Double-Bit Errors on SRP Modules

SRP modules include error checking and correction (ECC) to protect their SDRAM. ECC provides error detection of single-bit and double-bit errors and correction of single-bit errors for the SDRAM as follows:

Detecting Double-Bit Errors

The following message appears on the console when ECC detects a double-bit error:

ALERT 05/10/2004 13:10:33 os: failed: ECC DOUBLE BIT ERROR OCCURRED
  Address = 0xe95db10
  Data (Upper 32Bits) = 0xe95db20
  Data (Lower 32Bits) = 0x55d06c
  ECC Data Bits =  0x2b
  ECC 1Bit Error Counter =  0x0
ALERT 05/10/2004 13:10:34 os: PROCESSOR EXCEPTION: 0x200n

When ECC detects a double-bit error in a system that contains a redundant SRP module, the redundant module becomes active and the system continues to operate. However, you must still troubleshoot the SRP module with the double-bit error. When ECC detects a double-bit error in a system that does not contain a redundant SRP module, you must troubleshoot the SRP module immediately. See Fixing Double-Bit Errors.

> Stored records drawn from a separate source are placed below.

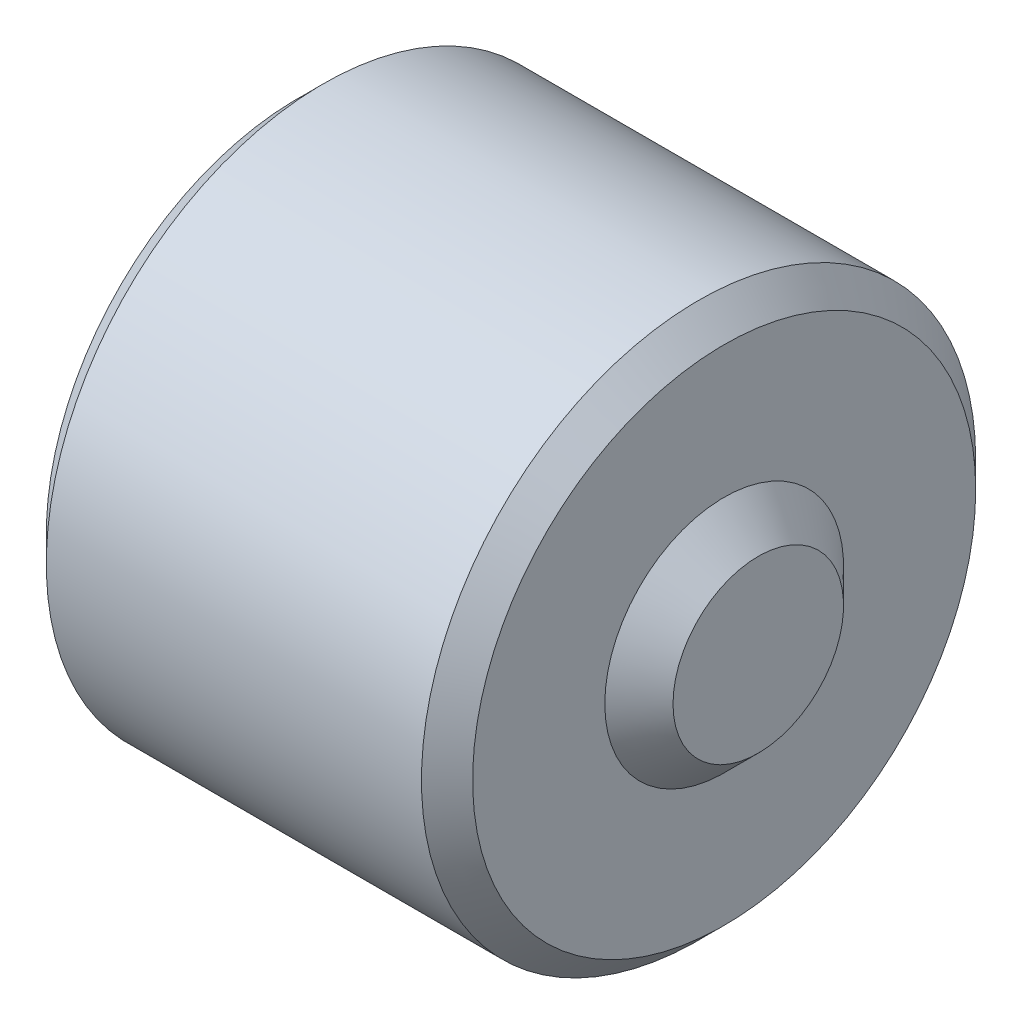
ISO-10303-21;
HEADER;
FILE_DESCRIPTION(('STEP AP214'),'2;1');
FILE_NAME('part.step','',(''),(''),'','','');
FILE_SCHEMA(('AUTOMOTIVE_DESIGN { 1 0 10303 214 1 1 1 1 }'));
ENDSEC;
DATA;
#1=APPLICATION_CONTEXT('core data for automotive mechanical design processes');
#2=APPLICATION_PROTOCOL_DEFINITION('international standard','automotive_design',2000,#1);
#3=PRODUCT_CONTEXT('',#1,'mechanical');
#4=PRODUCT('Part','Part','',(#3));
#5=PRODUCT_RELATED_PRODUCT_CATEGORY('part','',(#4));
#6=PRODUCT_DEFINITION_FORMATION('','',#4);
#7=PRODUCT_DEFINITION_CONTEXT('part definition',#1,'design');
#8=PRODUCT_DEFINITION('design','',#6,#7);
#9=PRODUCT_DEFINITION_SHAPE('','',#8);
#10=(LENGTH_UNIT() NAMED_UNIT(*) SI_UNIT(.MILLI.,.METRE.));
#11=(NAMED_UNIT(*) PLANE_ANGLE_UNIT() SI_UNIT($,.RADIAN.));
#12=(NAMED_UNIT(*) SI_UNIT($,.STERADIAN.) SOLID_ANGLE_UNIT());
#13=UNCERTAINTY_MEASURE_WITH_UNIT(LENGTH_MEASURE(1.E-05),#10,'distance_accuracy_value','');
#14=(GEOMETRIC_REPRESENTATION_CONTEXT(3) GLOBAL_UNCERTAINTY_ASSIGNED_CONTEXT((#13)) GLOBAL_UNIT_ASSIGNED_CONTEXT((#10,
#11,#12)) REPRESENTATION_CONTEXT('',''));
#15=CARTESIAN_POINT('',(0.,0.,0.));
#16=DIRECTION('',(0.,0.,1.));
#17=DIRECTION('',(1.,0.,0.));
#18=AXIS2_PLACEMENT_3D('',#15,#16,#17);
#19=CARTESIAN_POINT('',(-12.7,0.,0.));
#20=DIRECTION('',(1.,0.,0.));
#21=DIRECTION('',(0.,0.,-1.));
#22=AXIS2_PLACEMENT_3D('',#19,#20,#21);
#23=CYLINDRICAL_SURFACE('',#22,8.255);
#24=CARTESIAN_POINT('',(-11.938,0.,0.));
#25=DIRECTION('',(1.,0.,0.));
#26=DIRECTION('',(0.,0.,-1.));
#27=AXIS2_PLACEMENT_3D('',#24,#25,#26);
#28=CIRCLE('',#27,8.255);
#29=CARTESIAN_POINT('',(-11.938,0.,-8.255));
#30=VERTEX_POINT('',#29);
#31=EDGE_CURVE('E67',#30,#30,#28,.T.);
#32=ORIENTED_EDGE('',*,*,#31,.T.);
#33=EDGE_LOOP('',(#32));
#34=FACE_BOUND('',#33,.T.);
#35=CARTESIAN_POINT('',(-0.762000000000002,0.,0.));
#36=DIRECTION('',(1.,0.,0.));
#37=DIRECTION('',(0.,0.,-1.));
#38=AXIS2_PLACEMENT_3D('',#35,#36,#37);
#39=CIRCLE('',#38,8.255);
#40=CARTESIAN_POINT('',(-0.762000000000002,0.,-8.255));
#41=VERTEX_POINT('',#40);
#42=EDGE_CURVE('E73',#41,#41,#39,.F.);
#43=ORIENTED_EDGE('',*,*,#42,.T.);
#44=EDGE_LOOP('',(#43));
#45=FACE_BOUND('',#44,.T.);
#46=ADVANCED_FACE('F52',(#34,#45),#23,.T.);
#47=CARTESIAN_POINT('',(-12.7,0.,0.));
#48=DIRECTION('',(1.,0.,0.));
#49=DIRECTION('',(0.,0.,-1.));
#50=AXIS2_PLACEMENT_3D('',#47,#48,#49);
#51=PLANE('',#50);
#52=CARTESIAN_POINT('',(-12.7,0.,0.));
#53=DIRECTION('',(1.,0.,0.));
#54=DIRECTION('',(0.,0.,-1.));
#55=AXIS2_PLACEMENT_3D('',#52,#53,#54);
#56=CIRCLE('',#55,7.49299999999999);
#57=CARTESIAN_POINT('',(-12.7,0.,-7.49299999999999));
#58=VERTEX_POINT('',#57);
#59=EDGE_CURVE('E61',#58,#58,#56,.F.);
#60=ORIENTED_EDGE('',*,*,#59,.T.);
#61=EDGE_LOOP('',(#60));
#62=FACE_BOUND('',#61,.T.);
#63=CARTESIAN_POINT('',(-12.7,0.,0.));
#64=DIRECTION('',(-1.,0.,0.));
#65=DIRECTION('',(0.,0.,1.));
#66=AXIS2_PLACEMENT_3D('',#63,#64,#65);
#67=CIRCLE('',#66,5.715);
#68=CARTESIAN_POINT('',(-12.7,0.,5.715));
#69=VERTEX_POINT('',#68);
#70=EDGE_CURVE('E80',#69,#69,#67,.T.);
#71=ORIENTED_EDGE('',*,*,#70,.F.);
#72=EDGE_LOOP('',(#71));
#73=FACE_BOUND('',#72,.T.);
#74=ADVANCED_FACE('F115',(#62,#73),#51,.F.);
#75=CARTESIAN_POINT('',(0.,0.,0.));
#76=DIRECTION('',(1.,0.,0.));
#77=DIRECTION('',(0.,0.,-1.));
#78=AXIS2_PLACEMENT_3D('',#75,#76,#77);
#79=PLANE('',#78);
#80=CARTESIAN_POINT('',(0.,0.,0.));
#81=DIRECTION('',(-1.,0.,0.));
#82=DIRECTION('',(0.,0.,1.));
#83=AXIS2_PLACEMENT_3D('',#80,#81,#82);
#84=CIRCLE('',#83,3.55600000000001);
#85=CARTESIAN_POINT('',(0.,0.,3.55600000000001));
#86=VERTEX_POINT('',#85);
#87=EDGE_CURVE('E91',#86,#86,#84,.T.);
#88=ORIENTED_EDGE('',*,*,#87,.T.);
#89=EDGE_LOOP('',(#88));
#90=FACE_BOUND('',#89,.T.);
#91=CARTESIAN_POINT('',(0.,0.,0.));
#92=DIRECTION('',(1.,0.,0.));
#93=DIRECTION('',(0.,0.,-1.));
#94=AXIS2_PLACEMENT_3D('',#91,#92,#93);
#95=CIRCLE('',#94,7.493);
#96=CARTESIAN_POINT('',(0.,0.,-7.493));
#97=VERTEX_POINT('',#96);
#98=EDGE_CURVE('E12',#97,#97,#95,.T.);
#99=ORIENTED_EDGE('',*,*,#98,.T.);
#100=EDGE_LOOP('',(#99));
#101=FACE_BOUND('',#100,.T.);
#102=ADVANCED_FACE('F97',(#90,#101),#79,.T.);
#103=CARTESIAN_POINT('',(-2.54,0.,0.));
#104=DIRECTION('',(-1.,0.,0.));
#105=DIRECTION('',(0.,0.,1.));
#106=AXIS2_PLACEMENT_3D('',#103,#104,#105);
#107=CYLINDRICAL_SURFACE('',#106,5.715);
#108=CARTESIAN_POINT('',(-2.54,0.,0.));
#109=DIRECTION('',(-1.,0.,0.));
#110=DIRECTION('',(0.,0.,1.));
#111=AXIS2_PLACEMENT_3D('',#108,#109,#110);
#112=CIRCLE('',#111,5.715);
#113=CARTESIAN_POINT('',(-2.54,0.,5.715));
#114=VERTEX_POINT('',#113);
#115=EDGE_CURVE('E79',#114,#114,#112,.T.);
#116=ORIENTED_EDGE('',*,*,#115,.F.);
#117=EDGE_LOOP('',(#116));
#118=FACE_BOUND('',#117,.T.);
#119=ORIENTED_EDGE('',*,*,#70,.T.);
#120=EDGE_LOOP('',(#119));
#121=FACE_BOUND('',#120,.T.);
#122=ADVANCED_FACE('F133',(#118,#121),#107,.F.);
#123=CARTESIAN_POINT('',(-2.54,0.,0.));
#124=DIRECTION('',(-1.,0.,0.));
#125=DIRECTION('',(0.,0.,1.));
#126=AXIS2_PLACEMENT_3D('',#123,#124,#125);
#127=PLANE('',#126);
#128=ORIENTED_EDGE('',*,*,#115,.T.);
#129=EDGE_LOOP('',(#128));
#130=FACE_BOUND('',#129,.T.);
#131=ADVANCED_FACE('F128',(#130),#127,.T.);
#132=CARTESIAN_POINT('',(-11.938,0.,0.));
#133=DIRECTION('',(1.,0.,0.));
#134=DIRECTION('',(0.,0.,-1.));
#135=AXIS2_PLACEMENT_3D('',#132,#133,#134);
#136=CONICAL_SURFACE('',#135,8.255,0.78539816339745);
#137=ORIENTED_EDGE('',*,*,#59,.F.);
#138=EDGE_LOOP('',(#137));
#139=FACE_BOUND('',#138,.T.);
#140=ORIENTED_EDGE('',*,*,#31,.F.);
#141=EDGE_LOOP('',(#140));
#142=FACE_BOUND('',#141,.T.);
#143=ADVANCED_FACE('F111',(#139,#142),#136,.T.);
#144=CARTESIAN_POINT('',(0.,0.,0.));
#145=DIRECTION('',(-1.,0.,0.));
#146=DIRECTION('',(0.,0.,1.));
#147=AXIS2_PLACEMENT_3D('',#144,#145,#146);
#148=CONICAL_SURFACE('',#147,7.493,0.785398163397445);
#149=ORIENTED_EDGE('',*,*,#42,.F.);
#150=EDGE_LOOP('',(#149));
#151=FACE_BOUND('',#150,.T.);
#152=ORIENTED_EDGE('',*,*,#98,.F.);
#153=EDGE_LOOP('',(#152));
#154=FACE_BOUND('',#153,.T.);
#155=ADVANCED_FACE('F55',(#151,#154),#148,.T.);
#156=CARTESIAN_POINT('',(1.016,0.,0.));
#157=DIRECTION('',(-1.,0.,0.));
#158=DIRECTION('',(0.,0.,1.));
#159=AXIS2_PLACEMENT_3D('',#156,#157,#158);
#160=PLANE('',#159);
#161=CARTESIAN_POINT('',(1.016,0.,0.));
#162=DIRECTION('',(-1.,0.,0.));
#163=DIRECTION('',(0.,0.,1.));
#164=AXIS2_PLACEMENT_3D('',#161,#162,#163);
#165=CIRCLE('',#164,2.54);
#166=CARTESIAN_POINT('',(1.016,0.,2.54));
#167=VERTEX_POINT('',#166);
#168=EDGE_CURVE('E84',#167,#167,#165,.T.);
#169=ORIENTED_EDGE('',*,*,#168,.F.);
#170=EDGE_LOOP('',(#169));
#171=FACE_BOUND('',#170,.T.);
#172=ADVANCED_FACE('F102',(#171),#160,.F.);
#173=CARTESIAN_POINT('',(1.016,0.,0.));
#174=DIRECTION('',(-1.,0.,0.));
#175=DIRECTION('',(0.,0.,1.));
#176=AXIS2_PLACEMENT_3D('',#173,#174,#175);
#177=CONICAL_SURFACE('',#176,2.54,0.785398163397454);
#178=ORIENTED_EDGE('',*,*,#87,.F.);
#179=EDGE_LOOP('',(#178));
#180=FACE_BOUND('',#179,.T.);
#181=ORIENTED_EDGE('',*,*,#168,.T.);
#182=EDGE_LOOP('',(#181));
#183=FACE_BOUND('',#182,.T.);
#184=ADVANCED_FACE('F99',(#180,#183),#177,.T.);
#185=CLOSED_SHELL('',(#46,#74,#102,#122,#131,#143,#155,#172,#184));
#186=MANIFOLD_SOLID_BREP('B2',#185);
#187=ADVANCED_BREP_SHAPE_REPRESENTATION('',(#18,#186),#14);
#188=SHAPE_DEFINITION_REPRESENTATION(#9,#187);
ENDSEC;
END-ISO-10303-21;

The double-bit errors that ECC detects on the SDRAM of the SRP modules are categorized as errors with the major severity level. This severity classification for double-bit errors occurs because double-bit errors are also caused by uninitialized memory in the SDRAM. A double-bit error in the SDRAM causes a physical error in the transmit state machine because the error is transmitted to the egress transmit state machine.

Fixing Double-Bit Errors

To fix a double-bit error:

  1. Remove the second SRP module, if there is one.
  2. Reboot the system with the module reset button on the primary SRP module. (See Figure 5.)

These actions attempt to correct a transient double-bit error. However, if the console displays a memory test failure for the SRP module after you reboot, or if the FAIL LED on the SRP module stays on during rebooting, the SDRAM is permanently damaged and needs replacing. In this event, call the Juniper Networks Technical Assistance Center to arrange for repair.